# TASK STATEMENT
Only one stretch of the records below is wanted: the lines from the one holding "#74=VERTEX_POINT('',#73);" through the one holding "#96=DIRECTION('',(0.,0.,1.));". Return it exactly, both ends included.

(Data items)
- - - -
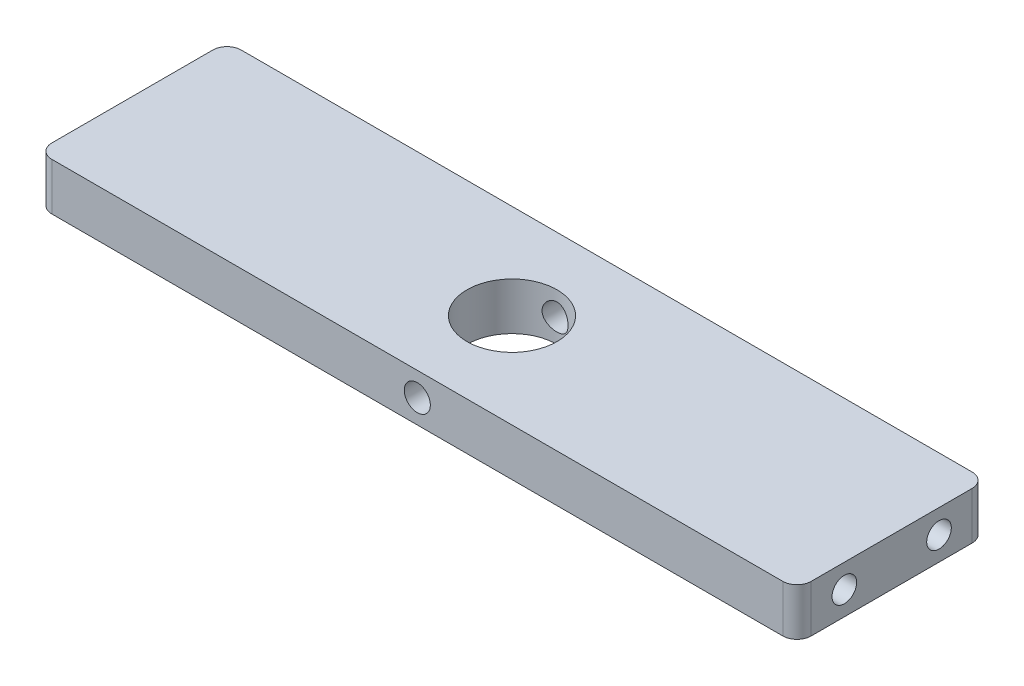
ISO-10303-21;
HEADER;
FILE_DESCRIPTION(('STEP AP214'),'2;1');
FILE_NAME('part.step','',(''),(''),'','','');
FILE_SCHEMA(('AUTOMOTIVE_DESIGN { 1 0 10303 214 1 1 1 1 }'));
ENDSEC;
DATA;
#1=APPLICATION_CONTEXT('core data for automotive mechanical design processes');
#2=APPLICATION_PROTOCOL_DEFINITION('international standard','automotive_design',2000,#1);
#3=PRODUCT_CONTEXT('',#1,'mechanical');
#4=PRODUCT('Part','Part','',(#3));
#5=PRODUCT_RELATED_PRODUCT_CATEGORY('part','',(#4));
#6=PRODUCT_DEFINITION_FORMATION('','',#4);
#7=PRODUCT_DEFINITION_CONTEXT('part definition',#1,'design');
#8=PRODUCT_DEFINITION('design','',#6,#7);
#9=PRODUCT_DEFINITION_SHAPE('','',#8);
#10=(LENGTH_UNIT() NAMED_UNIT(*) SI_UNIT(.MILLI.,.METRE.));
#11=(NAMED_UNIT(*) PLANE_ANGLE_UNIT() SI_UNIT($,.RADIAN.));
#12=(NAMED_UNIT(*) SI_UNIT($,.STERADIAN.) SOLID_ANGLE_UNIT());
#13=UNCERTAINTY_MEASURE_WITH_UNIT(LENGTH_MEASURE(1.E-05),#10,'distance_accuracy_value','');
#14=(GEOMETRIC_REPRESENTATION_CONTEXT(3) GLOBAL_UNCERTAINTY_ASSIGNED_CONTEXT((#13)) GLOBAL_UNIT_ASSIGNED_CONTEXT((#10,
#11,#12)) REPRESENTATION_CONTEXT('',''));
#15=CARTESIAN_POINT('',(0.,0.,0.));
#16=DIRECTION('',(0.,0.,1.));
#17=DIRECTION('',(1.,0.,0.));
#18=AXIS2_PLACEMENT_3D('',#15,#16,#17);
#19=CARTESIAN_POINT('',(0.,5.,0.));
#20=DIRECTION('',(0.,1.,0.));
#21=DIRECTION('',(0.,0.,1.));
#22=AXIS2_PLACEMENT_3D('',#19,#20,#21);
#23=PLANE('',#22);
#24=DIRECTION('',(1.,0.,0.));
#25=VECTOR('',#24,1.);
#26=CARTESIAN_POINT('',(80.2,5.,20.));
#27=LINE('',#26,#25);
#28=CARTESIAN_POINT('',(-77.2,5.,20.));
#29=VERTEX_POINT('',#28);
#30=CARTESIAN_POINT('',(77.2,5.,20.));
#31=VERTEX_POINT('',#30);
#32=EDGE_CURVE('E163',#29,#31,#27,.T.);
#33=ORIENTED_EDGE('',*,*,#32,.T.);
#34=CARTESIAN_POINT('',(77.2,5.,17.));
#35=DIRECTION('',(0.,1.,0.));
#36=DIRECTION('',(0.,0.,1.));
#37=AXIS2_PLACEMENT_3D('',#34,#35,#36);
#38=CIRCLE('',#37,3.);
#39=CARTESIAN_POINT('',(80.2,5.,17.));
#40=VERTEX_POINT('',#39);
#41=EDGE_CURVE('E203',#31,#40,#38,.T.);
#42=ORIENTED_EDGE('',*,*,#41,.T.);
#43=DIRECTION('',(0.,0.,-1.));
#44=VECTOR('',#43,1.);
#45=CARTESIAN_POINT('',(80.2,5.,20.));
#46=LINE('',#45,#44);
#47=CARTESIAN_POINT('',(80.2,5.,-17.));
#48=VERTEX_POINT('',#47);
#49=EDGE_CURVE('E167',#40,#48,#46,.T.);
#50=ORIENTED_EDGE('',*,*,#49,.T.);
#51=CARTESIAN_POINT('',(77.2,5.,-17.));
#52=DIRECTION('',(0.,1.,0.));
#53=DIRECTION('',(0.,0.,1.));
#54=AXIS2_PLACEMENT_3D('',#51,#52,#53);
#55=CIRCLE('',#54,3.);
#56=CARTESIAN_POINT('',(77.2,5.,-20.));
#57=VERTEX_POINT('',#56);
#58=EDGE_CURVE('E65',#48,#57,#55,.T.);
#59=ORIENTED_EDGE('',*,*,#58,.T.);
#60=DIRECTION('',(-1.,0.,0.));
#61=VECTOR('',#60,1.);
#62=CARTESIAN_POINT('',(80.2,5.,-20.));
#63=LINE('',#62,#61);
#64=CARTESIAN_POINT('',(-77.2,5.,-20.));
#65=VERTEX_POINT('',#64);
#66=EDGE_CURVE('E169',#57,#65,#63,.T.);
#67=ORIENTED_EDGE('',*,*,#66,.T.);
#68=CARTESIAN_POINT('',(-77.2,5.,-17.));
#69=DIRECTION('',(0.,1.,0.));
#70=DIRECTION('',(0.,0.,1.));
#71=AXIS2_PLACEMENT_3D('',#68,#69,#70);
#72=CIRCLE('',#71,3.);
#73=CARTESIAN_POINT('',(-80.2,5.,-17.));
#74=VERTEX_POINT('',#73);
#75=EDGE_CURVE('E198',#65,#74,#72,.T.);
#76=ORIENTED_EDGE('',*,*,#75,.T.);
#77=DIRECTION('',(0.,0.,1.));
#78=VECTOR('',#77,1.);
#79=CARTESIAN_POINT('',(-80.2,5.,20.));
#80=LINE('',#79,#78);
#81=CARTESIAN_POINT('',(-80.2,5.,17.));
#82=VERTEX_POINT('',#81);
#83=EDGE_CURVE('E160',#74,#82,#80,.T.);
#84=ORIENTED_EDGE('',*,*,#83,.T.);
#85=CARTESIAN_POINT('',(-77.2,5.,17.));
#86=DIRECTION('',(0.,1.,0.));
#87=DIRECTION('',(0.,0.,1.));
#88=AXIS2_PLACEMENT_3D('',#85,#86,#87);
#89=CIRCLE('',#88,3.);
#90=EDGE_CURVE('E200',#82,#29,#89,.T.);
#91=ORIENTED_EDGE('',*,*,#90,.T.);
#92=EDGE_LOOP('',(#33,#42,#50,#59,#67,#76,#84,#91));
#93=FACE_BOUND('',#92,.T.);
#94=CARTESIAN_POINT('',(0.,5.,0.));
#95=DIRECTION('',(0.,1.,0.));
#96=DIRECTION('',(0.,0.,1.));
#97=AXIS2_PLACEMENT_3D('',#94,#95,#96);
#98=CIRCLE('',#97,9.5);
#99=CARTESIAN_POINT('',(0.,5.,9.50000000000001));
#100=VERTEX_POINT('',#99);
#101=EDGE_CURVE('E154',#100,#100,#98,.T.);
#102=ORIENTED_EDGE('',*,*,#101,.F.);
#103=EDGE_LOOP('',(#102));
#104=FACE_BOUND('',#103,.T.);
#105=ADVANCED_FACE('F36',(#93,#104),#23,.T.);
#106=CARTESIAN_POINT('',(0.,-5.,0.));
#107=DIRECTION('',(0.,1.,0.));
#108=DIRECTION('',(0.,0.,1.));
#109=AXIS2_PLACEMENT_3D('',#106,#107,#108);
#110=PLANE('',#109);
#111=DIRECTION('',(0.,0.,-1.));
#112=VECTOR('',#111,1.);
#113=CARTESIAN_POINT('',(80.2,-5.,20.));
#114=LINE('',#113,#112);
#115=CARTESIAN_POINT('',(80.2,-5.,17.));
#116=VERTEX_POINT('',#115);
#117=CARTESIAN_POINT('',(80.2,-5.,-17.));
#118=VERTEX_POINT('',#117);
#119=EDGE_CURVE('E177',#116,#118,#114,.T.);
#120=ORIENTED_EDGE('',*,*,#119,.F.);
#121=CARTESIAN_POINT('',(77.2,-5.,17.));
#122=DIRECTION('',(0.,1.,0.));
#123=DIRECTION('',(0.,0.,1.));
#124=AXIS2_PLACEMENT_3D('',#121,#122,#123);
#125=CIRCLE('',#124,3.);
#126=CARTESIAN_POINT('',(77.2,-5.,20.));
#127=VERTEX_POINT('',#126);
#128=EDGE_CURVE('E191',#116,#127,#125,.F.);
#129=ORIENTED_EDGE('',*,*,#128,.T.);
#130=DIRECTION('',(1.,0.,0.));
#131=VECTOR('',#130,1.);
#132=CARTESIAN_POINT('',(80.2,-5.,20.));
#133=LINE('',#132,#131);
#134=CARTESIAN_POINT('',(-77.2,-5.,20.));
#135=VERTEX_POINT('',#134);
#136=EDGE_CURVE('E174',#135,#127,#133,.T.);
#137=ORIENTED_EDGE('',*,*,#136,.F.);
#138=CARTESIAN_POINT('',(-77.2,-5.,17.));
#139=DIRECTION('',(0.,1.,0.));
#140=DIRECTION('',(0.,0.,1.));
#141=AXIS2_PLACEMENT_3D('',#138,#139,#140);
#142=CIRCLE('',#141,3.);
#143=CARTESIAN_POINT('',(-80.2,-5.,17.));
#144=VERTEX_POINT('',#143);
#145=EDGE_CURVE('E187',#135,#144,#142,.F.);
#146=ORIENTED_EDGE('',*,*,#145,.T.);
#147=DIRECTION('',(0.,0.,1.));
#148=VECTOR('',#147,1.);
#149=CARTESIAN_POINT('',(-80.2,-5.,20.));
#150=LINE('',#149,#148);
#151=CARTESIAN_POINT('',(-80.2,-5.,-17.));
#152=VERTEX_POINT('',#151);
#153=EDGE_CURVE('E157',#152,#144,#150,.T.);
#154=ORIENTED_EDGE('',*,*,#153,.F.);
#155=CARTESIAN_POINT('',(-77.2,-5.,-17.));
#156=DIRECTION('',(0.,1.,0.));
#157=DIRECTION('',(0.,0.,1.));
#158=AXIS2_PLACEMENT_3D('',#155,#156,#157);
#159=CIRCLE('',#158,3.);
#160=CARTESIAN_POINT('',(-77.2,-5.,-20.));
#161=VERTEX_POINT('',#160);
#162=EDGE_CURVE('E185',#152,#161,#159,.F.);
#163=ORIENTED_EDGE('',*,*,#162,.T.);
#164=DIRECTION('',(-1.,0.,0.));
#165=VECTOR('',#164,1.);
#166=CARTESIAN_POINT('',(80.2,-5.,-20.));
#167=LINE('',#166,#165);
#168=CARTESIAN_POINT('',(77.2,-5.,-20.));
#169=VERTEX_POINT('',#168);
#170=EDGE_CURVE('E164',#169,#161,#167,.T.);
#171=ORIENTED_EDGE('',*,*,#170,.F.);
#172=CARTESIAN_POINT('',(77.2,-5.,-17.));
#173=DIRECTION('',(0.,1.,0.));
#174=DIRECTION('',(0.,0.,1.));
#175=AXIS2_PLACEMENT_3D('',#172,#173,#174);
#176=CIRCLE('',#175,3.);
#177=EDGE_CURVE('E189',#169,#118,#176,.F.);
#178=ORIENTED_EDGE('',*,*,#177,.T.);
#179=EDGE_LOOP('',(#120,#129,#137,#146,#154,#163,#171,#178));
#180=FACE_BOUND('',#179,.T.);
#181=CARTESIAN_POINT('',(0.,-5.,0.));
#182=DIRECTION('',(0.,1.,0.));
#183=DIRECTION('',(0.,0.,1.));
#184=AXIS2_PLACEMENT_3D('',#181,#182,#183);
#185=CIRCLE('',#184,9.5);
#186=CARTESIAN_POINT('',(0.,-5.,9.50000000000001));
#187=VERTEX_POINT('',#186);
#188=EDGE_CURVE('E153',#187,#187,#185,.T.);
#189=ORIENTED_EDGE('',*,*,#188,.T.);
#190=EDGE_LOOP('',(#189));
#191=FACE_BOUND('',#190,.T.);
#192=ADVANCED_FACE('F258',(#180,#191),#110,.F.);
#193=CARTESIAN_POINT('',(-80.2,5.,20.));
#194=DIRECTION('',(1.,0.,0.));
#195=DIRECTION('',(0.,0.,-1.));
#196=AXIS2_PLACEMENT_3D('',#193,#194,#195);
#197=PLANE('',#196);
#198=CARTESIAN_POINT('',(-80.2,0.,-9.99999999999999));
#199=DIRECTION('',(-1.,0.,0.));
#200=DIRECTION('',(0.,0.,1.));
#201=AXIS2_PLACEMENT_3D('',#198,#199,#200);
#202=CIRCLE('',#201,2.59999999999999);
#203=CARTESIAN_POINT('',(-80.2,0.,-7.4));
#204=VERTEX_POINT('',#203);
#205=EDGE_CURVE('E141',#204,#204,#202,.T.);
#206=ORIENTED_EDGE('',*,*,#205,.F.);
#207=EDGE_LOOP('',(#206));
#208=FACE_BOUND('',#207,.T.);
#209=CARTESIAN_POINT('',(-80.2,0.,10.));
#210=DIRECTION('',(-1.,0.,0.));
#211=DIRECTION('',(0.,0.,1.));
#212=AXIS2_PLACEMENT_3D('',#209,#210,#211);
#213=CIRCLE('',#212,2.59999999999999);
#214=CARTESIAN_POINT('',(-80.2,0.,12.6));
#215=VERTEX_POINT('',#214);
#216=EDGE_CURVE('E147',#215,#215,#213,.T.);
#217=ORIENTED_EDGE('',*,*,#216,.F.);
#218=EDGE_LOOP('',(#217));
#219=FACE_BOUND('',#218,.T.);
#220=ORIENTED_EDGE('',*,*,#153,.T.);
#221=DIRECTION('',(0.,-1.,0.));
#222=VECTOR('',#221,1.);
#223=CARTESIAN_POINT('',(-80.2,5.,17.));
#224=LINE('',#223,#222);
#225=EDGE_CURVE('E11',#144,#82,#224,.F.);
#226=ORIENTED_EDGE('',*,*,#225,.T.);
#227=ORIENTED_EDGE('',*,*,#83,.F.);
#228=DIRECTION('',(0.,-1.,0.));
#229=VECTOR('',#228,1.);
#230=CARTESIAN_POINT('',(-80.2,5.,-17.));
#231=LINE('',#230,#229);
#232=EDGE_CURVE('E50',#74,#152,#231,.T.);
#233=ORIENTED_EDGE('',*,*,#232,.T.);
#234=EDGE_LOOP('',(#220,#226,#227,#233));
#235=FACE_BOUND('',#234,.T.);
#236=ADVANCED_FACE('F262',(#208,#219,#235),#197,.F.);
#237=CARTESIAN_POINT('',(80.2,5.,20.));
#238=DIRECTION('',(0.,0.,-1.));
#239=DIRECTION('',(-1.,0.,0.));
#240=AXIS2_PLACEMENT_3D('',#237,#238,#239);
#241=PLANE('',#240);
#242=CARTESIAN_POINT('',(0.,0.,20.));
#243=DIRECTION('',(0.,0.,-1.));
#244=DIRECTION('',(-1.,0.,0.));
#245=AXIS2_PLACEMENT_3D('',#242,#243,#244);
#246=CIRCLE('',#245,2.74999999999999);
#247=CARTESIAN_POINT('',(-2.74999999999999,0.,20.));
#248=VERTEX_POINT('',#247);
#249=EDGE_CURVE('E215',#248,#248,#246,.T.);
#250=ORIENTED_EDGE('',*,*,#249,.T.);
#251=EDGE_LOOP('',(#250));
#252=FACE_BOUND('',#251,.T.);
#253=ORIENTED_EDGE('',*,*,#136,.T.);
#254=DIRECTION('',(0.,-1.,0.));
#255=VECTOR('',#254,1.);
#256=CARTESIAN_POINT('',(77.2,5.,20.));
#257=LINE('',#256,#255);
#258=EDGE_CURVE('E196',#127,#31,#257,.F.);
#259=ORIENTED_EDGE('',*,*,#258,.T.);
#260=ORIENTED_EDGE('',*,*,#32,.F.);
#261=DIRECTION('',(0.,-1.,0.));
#262=VECTOR('',#261,1.);
#263=CARTESIAN_POINT('',(-77.2,5.,20.));
#264=LINE('',#263,#262);
#265=EDGE_CURVE('E193',#29,#135,#264,.T.);
#266=ORIENTED_EDGE('',*,*,#265,.T.);
#267=EDGE_LOOP('',(#253,#259,#260,#266));
#268=FACE_BOUND('',#267,.T.);
#269=ADVANCED_FACE('F273',(#252,#268),#241,.F.);
#270=CARTESIAN_POINT('',(80.2,5.,20.));
#271=DIRECTION('',(-1.,0.,0.));
#272=DIRECTION('',(0.,0.,1.));
#273=AXIS2_PLACEMENT_3D('',#270,#271,#272);
#274=PLANE('',#273);
#275=CARTESIAN_POINT('',(80.2,0.,-9.99999999999999));
#276=DIRECTION('',(1.,0.,0.));
#277=DIRECTION('',(0.,0.,-1.));
#278=AXIS2_PLACEMENT_3D('',#275,#276,#277);
#279=CIRCLE('',#278,2.59999999999999);
#280=CARTESIAN_POINT('',(80.2,0.,-12.6));
#281=VERTEX_POINT('',#280);
#282=EDGE_CURVE('E130',#281,#281,#279,.T.);
#283=ORIENTED_EDGE('',*,*,#282,.F.);
#284=EDGE_LOOP('',(#283));
#285=FACE_BOUND('',#284,.T.);
#286=CARTESIAN_POINT('',(80.2,0.,10.));
#287=DIRECTION('',(1.,0.,0.));
#288=DIRECTION('',(0.,0.,-1.));
#289=AXIS2_PLACEMENT_3D('',#286,#287,#288);
#290=CIRCLE('',#289,2.59999999999999);
#291=CARTESIAN_POINT('',(80.2,0.,7.40000000000002));
#292=VERTEX_POINT('',#291);
#293=EDGE_CURVE('E129',#292,#292,#290,.T.);
#294=ORIENTED_EDGE('',*,*,#293,.F.);
#295=EDGE_LOOP('',(#294));
#296=FACE_BOUND('',#295,.T.);
#297=ORIENTED_EDGE('',*,*,#49,.F.);
#298=DIRECTION('',(0.,-1.,0.));
#299=VECTOR('',#298,1.);
#300=CARTESIAN_POINT('',(80.2,5.,17.));
#301=LINE('',#300,#299);
#302=EDGE_CURVE('E182',#40,#116,#301,.T.);
#303=ORIENTED_EDGE('',*,*,#302,.T.);
#304=ORIENTED_EDGE('',*,*,#119,.T.);
#305=DIRECTION('',(0.,-1.,0.));
#306=VECTOR('',#305,1.);
#307=CARTESIAN_POINT('',(80.2,5.,-17.));
#308=LINE('',#307,#306);
#309=EDGE_CURVE('E171',#118,#48,#308,.F.);
#310=ORIENTED_EDGE('',*,*,#309,.T.);
#311=EDGE_LOOP('',(#297,#303,#304,#310));
#312=FACE_BOUND('',#311,.T.);
#313=ADVANCED_FACE('F269',(#285,#296,#312),#274,.F.);
#314=CARTESIAN_POINT('',(80.2,5.,-20.));
#315=DIRECTION('',(0.,0.,1.));
#316=DIRECTION('',(1.,0.,0.));
#317=AXIS2_PLACEMENT_3D('',#314,#315,#316);
#318=PLANE('',#317);
#319=CARTESIAN_POINT('',(0.,0.,-20.));
#320=DIRECTION('',(0.,0.,-1.));
#321=DIRECTION('',(-1.,0.,0.));
#322=AXIS2_PLACEMENT_3D('',#319,#320,#321);
#323=CIRCLE('',#322,2.74999999999999);
#324=CARTESIAN_POINT('',(-2.74999999999999,0.,-20.));
#325=VERTEX_POINT('',#324);
#326=EDGE_CURVE('E486',#325,#325,#323,.T.);
#327=ORIENTED_EDGE('',*,*,#326,.F.);
#328=EDGE_LOOP('',(#327));
#329=FACE_BOUND('',#328,.T.);
#330=ORIENTED_EDGE('',*,*,#66,.F.);
#331=DIRECTION('',(0.,-1.,0.));
#332=VECTOR('',#331,1.);
#333=CARTESIAN_POINT('',(77.2,5.,-20.));
#334=LINE('',#333,#332);
#335=EDGE_CURVE('E206',#57,#169,#334,.T.);
#336=ORIENTED_EDGE('',*,*,#335,.T.);
#337=ORIENTED_EDGE('',*,*,#170,.T.);
#338=DIRECTION('',(0.,-1.,0.));
#339=VECTOR('',#338,1.);
#340=CARTESIAN_POINT('',(-77.2,5.,-20.));
#341=LINE('',#340,#339);
#342=EDGE_CURVE('E58',#161,#65,#341,.F.);
#343=ORIENTED_EDGE('',*,*,#342,.T.);
#344=EDGE_LOOP('',(#330,#336,#337,#343));
#345=FACE_BOUND('',#344,.T.);
#346=ADVANCED_FACE('F254',(#329,#345),#318,.F.);
#347=CARTESIAN_POINT('',(0.,5.,0.));
#348=DIRECTION('',(0.,-1.,0.));
#349=DIRECTION('',(0.,0.,-1.));
#350=AXIS2_PLACEMENT_3D('',#347,#348,#349);
#351=CYLINDRICAL_SURFACE('',#350,9.5);
#352=CARTESIAN_POINT('',(0.,2.74999999999999,-9.49999999999999));
#353=CARTESIAN_POINT('',(-0.151103684405157,2.74999754124777,-9.49999832244704));
#354=CARTESIAN_POINT('',(-0.302232490543062,2.73750454335048,-9.49636009363154));
#355=CARTESIAN_POINT('',(-0.600104468590077,2.68797129048408,-9.48220118050607));
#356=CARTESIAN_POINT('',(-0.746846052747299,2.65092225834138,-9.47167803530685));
- - - -
# YOUR RESPONSE
#74=VERTEX_POINT('',#73);
#75=EDGE_CURVE('E198',#65,#74,#72,.T.);
#76=ORIENTED_EDGE('',*,*,#75,.T.);
#77=DIRECTION('',(0.,0.,1.));
#78=VECTOR('',#77,1.);
#79=CARTESIAN_POINT('',(-80.2,5.,20.));
#80=LINE('',#79,#78);
#81=CARTESIAN_POINT('',(-80.2,5.,17.));
#82=VERTEX_POINT('',#81);
#83=EDGE_CURVE('E160',#74,#82,#80,.T.);
#84=ORIENTED_EDGE('',*,*,#83,.T.);
#85=CARTESIAN_POINT('',(-77.2,5.,17.));
#86=DIRECTION('',(0.,1.,0.));
#87=DIRECTION('',(0.,0.,1.));
#88=AXIS2_PLACEMENT_3D('',#85,#86,#87);
#89=CIRCLE('',#88,3.);
#90=EDGE_CURVE('E200',#82,#29,#89,.T.);
#91=ORIENTED_EDGE('',*,*,#90,.T.);
#92=EDGE_LOOP('',(#33,#42,#50,#59,#67,#76,#84,#91));
#93=FACE_BOUND('',#92,.T.);
#94=CARTESIAN_POINT('',(0.,5.,0.));
#95=DIRECTION('',(0.,1.,0.));
#96=DIRECTION('',(0.,0.,1.));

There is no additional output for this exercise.